Ce n’est qu’alors qu’elle comprit. Elle se souvint qu’elle avait promis à l’enfant de tout lui raconter en rentrant, la chasse et les aventures. Le gamin s’était introduit dans sa chambre, ce gamin naïf et sot, et il l’avait attendue avec une confiance parfaite, après quoi il s’était endormi. Cette extravagance la révolta. Ou plutôt elle éprouva une sorte d’irritation contre elle-même, un léger sentiment de honte, qu’elle chercha à étouffer par des paroles.
— Va-t’en tout de suite au lit, petit mal élevé, lui cria-t-elle.
Edgar la regarda étonné. Pourquoi était-elle fâchée contre lui ? Il n’avait pourtant rien fait ? Mais cet étonnement ne fit qu’exaspérer encore davantage sa mère.
— Va-t’en tout de suite dans ta chambre, lança-t-elle, furieuse, parce qu’elle savait qu’elle avait tort.
Edgar s’en alla sans dire un mot. A la vérité, il était extrêmement fatigué et il ne sentait que confusément, à travers les pesants brouillards du sommeil, que sa mère n’avait pas tenu sa promesse et qu’on se conduisait mal avec lui. Il ne se révolta pas. En lui tout était émoussé par la fatigue ; et puis il était très mécontent de s’être endormi, au lieu de rester éveillé. « Tout comme un petit enfant », se disait-il en lui-même, avec irritation, avant de se rendormir.

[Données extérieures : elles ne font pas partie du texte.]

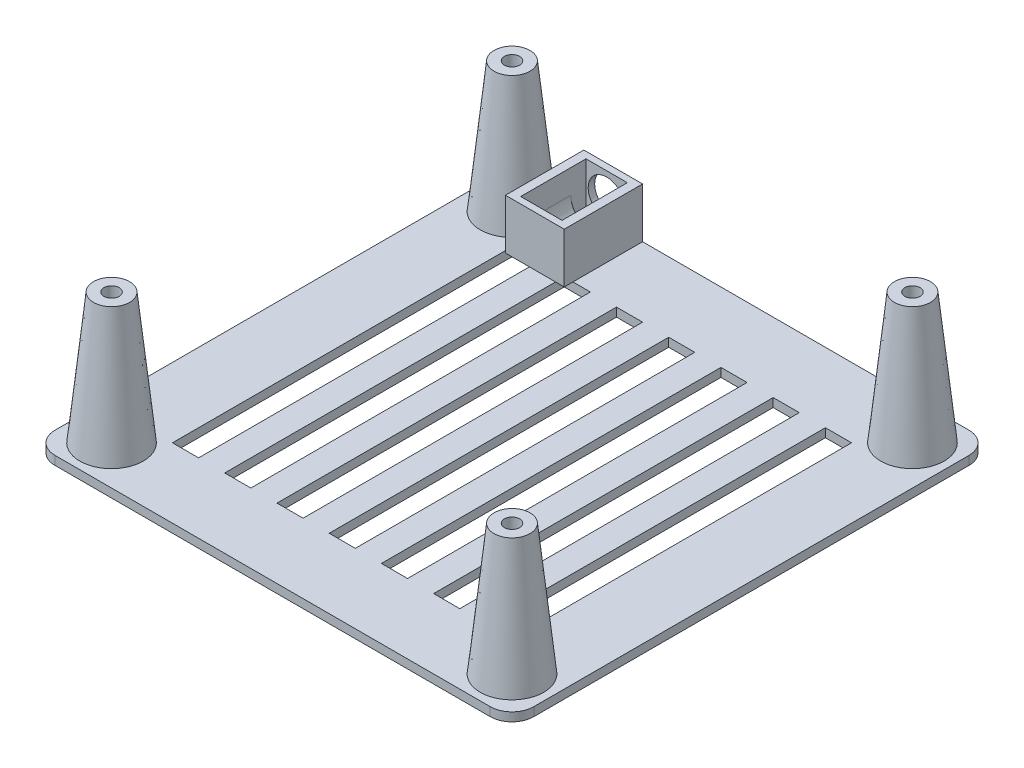
SolidWorks part; units mm, degrees
ref_plane "前视基准面" through (0, 0, 0) normal (0, 0, 1) x (1, 0, 0)
ref_plane "上视基准面" through (0, 0, 0) normal (0, 1, 0) x (1, 0, 0)
ref_plane "右视基准面" through (0, 0, 0) normal (1, 0, 0) x (0, 0, -1)
sketch "草图1" plane through (0, 0, 0) normal (0, 1, 0) x (1, 0, 0)
  line L0 (-74.6392, 0) -> (70.2469, 0) construction
  line L1 (-55, 55) -> (55, 55)
  line L2 (-55, 55) -> (-55, -55)
  line L3 (-55, -55) -> (55, -55)
  line L4 (55, 55) -> (55, -55)
  line L5 (-55, 55) -> (55, -55) construction
  line L6 (-55, -55) -> (55, 55) construction
  line L7 (0, 87.0647) -> (0, -86.9016) construction
  circle A0 centre (-46, -46) radius 1.75
  circle A1 centre (-46, -46) radius 7.5
  circle A2 centre (46, -46) radius 1.75
  circle A3 centre (46, -46) radius 7.5
  circle A4 centre (46, 46) radius 1.75
  circle A5 centre (46, 46) radius 7.5
  circle A6 centre (-46, 46) radius 7.5
  circle A7 centre (-46, 46) radius 1.75
  circle A8 centre (-46, -46) radius 3.5
  circle A9 centre (-46, 46) radius 3.5
  circle A10 centre (46, -46) radius 3.5
  circle A11 centre (46, 46) radius 3.5
  point P0 (0, 0)
  dimension "D5" = 3.5
  dimension "D6" = 15
  dimension "D7" = 7
  dimension "D1" = 110
  dimension "D2" = 110
  dimension "D3" = 9
  dimension "D4" = 9
extrude "凸台-拉伸1" add sketch "草图1" along normal blind 2 contours L4 L1 L2 L3 A3 A1 A5 A6 | A3 A2 | A5 A4 | A6 A7 | A1 A8 | A8 A0 | A2 | A4 | A0 | A7 region at (0, 0, 0) region at (-53.2879, 0, 46) region at (46, 0, 46) region at (38.7121, 0, 46) region at (46, 0, -46) region at (38.7121, 0, -46) region at (-53.2879, 0, -46) region at (-49.401, 0, 46)
extrude "凸台-拉伸2" add sketch "草图1<3>" along normal blind 32 draft 6 contours A6 | A1 | A3 | A5
sketch "草图1<3>" plane through (0, 0, 0) normal (0, 1, 0) x (1, 0, 0) same geometry as "草图1"
extrude "切除-拉伸1" cut sketch "草图1<4>" along normal up to next (32 mm away) contours A7 | A0 | A2 | A4 region at (-46, 0, 46) region at (46, 0, 46) region at (46, 0, -46) region at (-46, 0, -46)
sketch "草图1<4>" plane through (0, 0, 0) normal (0, 1, 0) x (1, 0, 0) same geometry as "草图1"
fillet "圆角1" radius 5 4 edges at (-55, 1, 55) (55, 1, 55) (55, 1, -55) (-55, 1, -55)
sketch "草图2" plane through (0, 0, 0) normal (0, -1, 0) x (1, 0, 0)
  line L0 (-33, -39) -> (-33, 39)
  line L1 (-39, -39) -> (39, -39)
  line L2 (-39, -39) -> (-39, 39)
  line L3 (-39, 39) -> (39, 39)
  line L4 (39, -39) -> (39, 39)
  line L5 (-39, -39) -> (39, 39) construction
  line L6 (-39, 39) -> (39, -39) construction
  line L7 (-27, -39) -> (-27, 39)
  line L8 (-15, -39) -> (-15, 39)
  line L9 (-9, -39) -> (-9, 39)
  line L10 (-33, -39) -> (-33, 39)
  line L11 (-21, -39) -> (-21, 39)
  line L12 (-3, -39) -> (-3, 39)
  line L13 (3, -39) -> (3, 39)
  line L14 (9, -39) -> (9, 39)
  line L15 (15, -39) -> (15, 39)
  line L16 (21, -39) -> (21, 39)
  line L17 (27, -39) -> (27, 39)
  line L18 (33, -39) -> (33, 39)
  line L19 (39, -39) -> (39, 39)
  point P0 (0, 0)
  dimension "D1" = 78
  dimension "D2" = 78
  dimension "D3" = 6
  dimension "D4" = 6
  dimension "D5" = 6
  dimension "D6" = 6
  dimension "D7" = 6
  dimension "D8" = 6
  dimension "D9" = 6
  dimension "D10" = 6
  dimension "D11" = 6
  dimension "D12" = 6
  dimension "D13" = 6
  dimension "D14" = 6
  dimension "D15" = 6
extrude "切除-拉伸2" cut sketch "草图2" against normal through all contours L3 L2 L1 L0 | L1 L11 L3 L7 | L1 L9 L3 L8 | L1 L13 L3 L12 | L1 L15 L3 L14 | L1 L17 L3 L16 | L1 L19 L3 L18 region at (-36, 0, 0) region at (-24, 0, 0) region at (-12, 0, 0) region at (0, 0, 0) region at (12, 0, 0) region at (24, 0, 0) region at (36, 0, 0)
sketch "草图3" plane through (0, 0, -55) normal (0, 0, -1) x (-1, 0, 0)
  line L0 (50, 2) -> (-50, 2) construction
  line L1 (36.5, 2) -> (27, 2)
  line L2 (55, 2) -> (55, 0) construction
  line L3 (27, 2) -> (27, 13.5)
  line L4 (27, 13.5) -> (36.5, 13.5)
  line L5 (36.5, 13.5) -> (36.5, 2)
  line L6 (25, 2) -> (25, 13.5)
  line L8 (38.5, 13.5) -> (38.5, 2)
  line L9 (27, 2) -> (25, 2)
  line L10 (36.5, 2) -> (38.5, 2)
  line L11 (27, 13.5) -> (25, 13.5)
  line L12 (25, 0) -> (25, 15.5) construction
  line L13 (38.5, 15.5) -> (38.5, 0) construction
  line L14 (38.5, 0) -> (25, 0) construction
  line L15 (36.5, 13.5) -> (38.5, 13.5)
  line L16 (25, 15.5) -> (38.5, 15.5) construction
  circle A0 centre (31.75, 8) radius 4.25
  arc A1 (27, 8) -> (36.5, 8) centre (31.75, 8) ccw
  point P0 (36.5, 2)
  line M1 (50, 2) -> (-50, 2)
  dimension "D6" = 9.5
  dimension "D7" = 8.5
  dimension "D1" = 18.5
  dimension "D3" = 9.5
  dimension "D4" = 11.5
  dimension "D5" = 5.5
  dimension "D2" = 2
extrude "凸台-拉伸6" add sketch "草图3" against normal blind 18 separate body contours L3 L11 L6 M1 | A1 L5 L4 L3 | L15 L5 L8 M1 | A1 L3 L5 M1 | A1 A0 | A0 region at (-31.75, 2.1124, -55) region at (-37.5, 7.75, -55) region at (-26, 7.75, -55) region at (-31.75, 3.3898, -55) region at (-31.75, 8, -55)
extrude "切除-拉伸4" cut sketch "草图3<5>" against normal blind 3.5 from offset 1.5 contours L3 A1 L5 L4 A0 | A1 L3 L5 M1 region at (-31.75, 2.1124, -55) region at (-31.75, 3.3898, -55) offset against normal yes
sketch "草图3<5>" plane through (0, 0, -55) normal (0, 0, -1) x (-1, 0, 0) same geometry as "草图3"
extrude "切除-拉伸5" cut sketch "草图3<6>" against normal blind 15 from offset 1.5 contours L3 A1 L5 L4 A0 region at (-31.75, 3.3898, -55) offset against normal yes
sketch "草图3<6>" plane through (0, 0, -55) normal (0, 0, -1) x (-1, 0, 0) same geometry as "草图3"
extrude "切除-拉伸6" cut sketch "草图1<5>" along normal blind 25 contours A8 A0 | A10 | A9 | A11 region at (-49.401, 0, 46)
sketch "草图1<5>" plane through (0, 0, 0) normal (0, 1, 0) x (1, 0, 0) same geometry as "草图1"
extrude "切除-拉伸7" cut sketch "草图3<7>" against normal blind 16.5 contours A0 region at (-31.75, 8, -55)
sketch "草图3<7>" plane through (0, 0, -55) normal (0, 0, -1) x (-1, 0, 0) same geometry as "草图3"

Car depuis la veille il haïssait sa propre enfance.

Le baron dormit mal. Il est toujours dangereux d’aller se coucher après une aventure brusquement interrompue : une nuit agitée et chargée de cauchemars lui eut bientôt fait regretter de n’avoir pas profité hardiment de la minute favorable. Le lendemain, lorsque, encore plongé dans les nuages du sommeil et mécontent de lui-même, il descendit, l’enfant, sortant d’une cachette, bondit au-devant de lui, l’enveloppa dans ses bras avec enthousiasme et se mit à lui poser mille questions. Il était heureux d’avoir de nouveau son grand ami pour lui seul, pendant un instant, sans être obligé de le partager avec sa maman. C’est à lui seul que le baron devait tout raconter, et non pas à sa mère, déclarait-il avec insistance, car, malgré sa promesse, celle-ci ne lui avait rien répété de toutes ces histoires merveilleuses.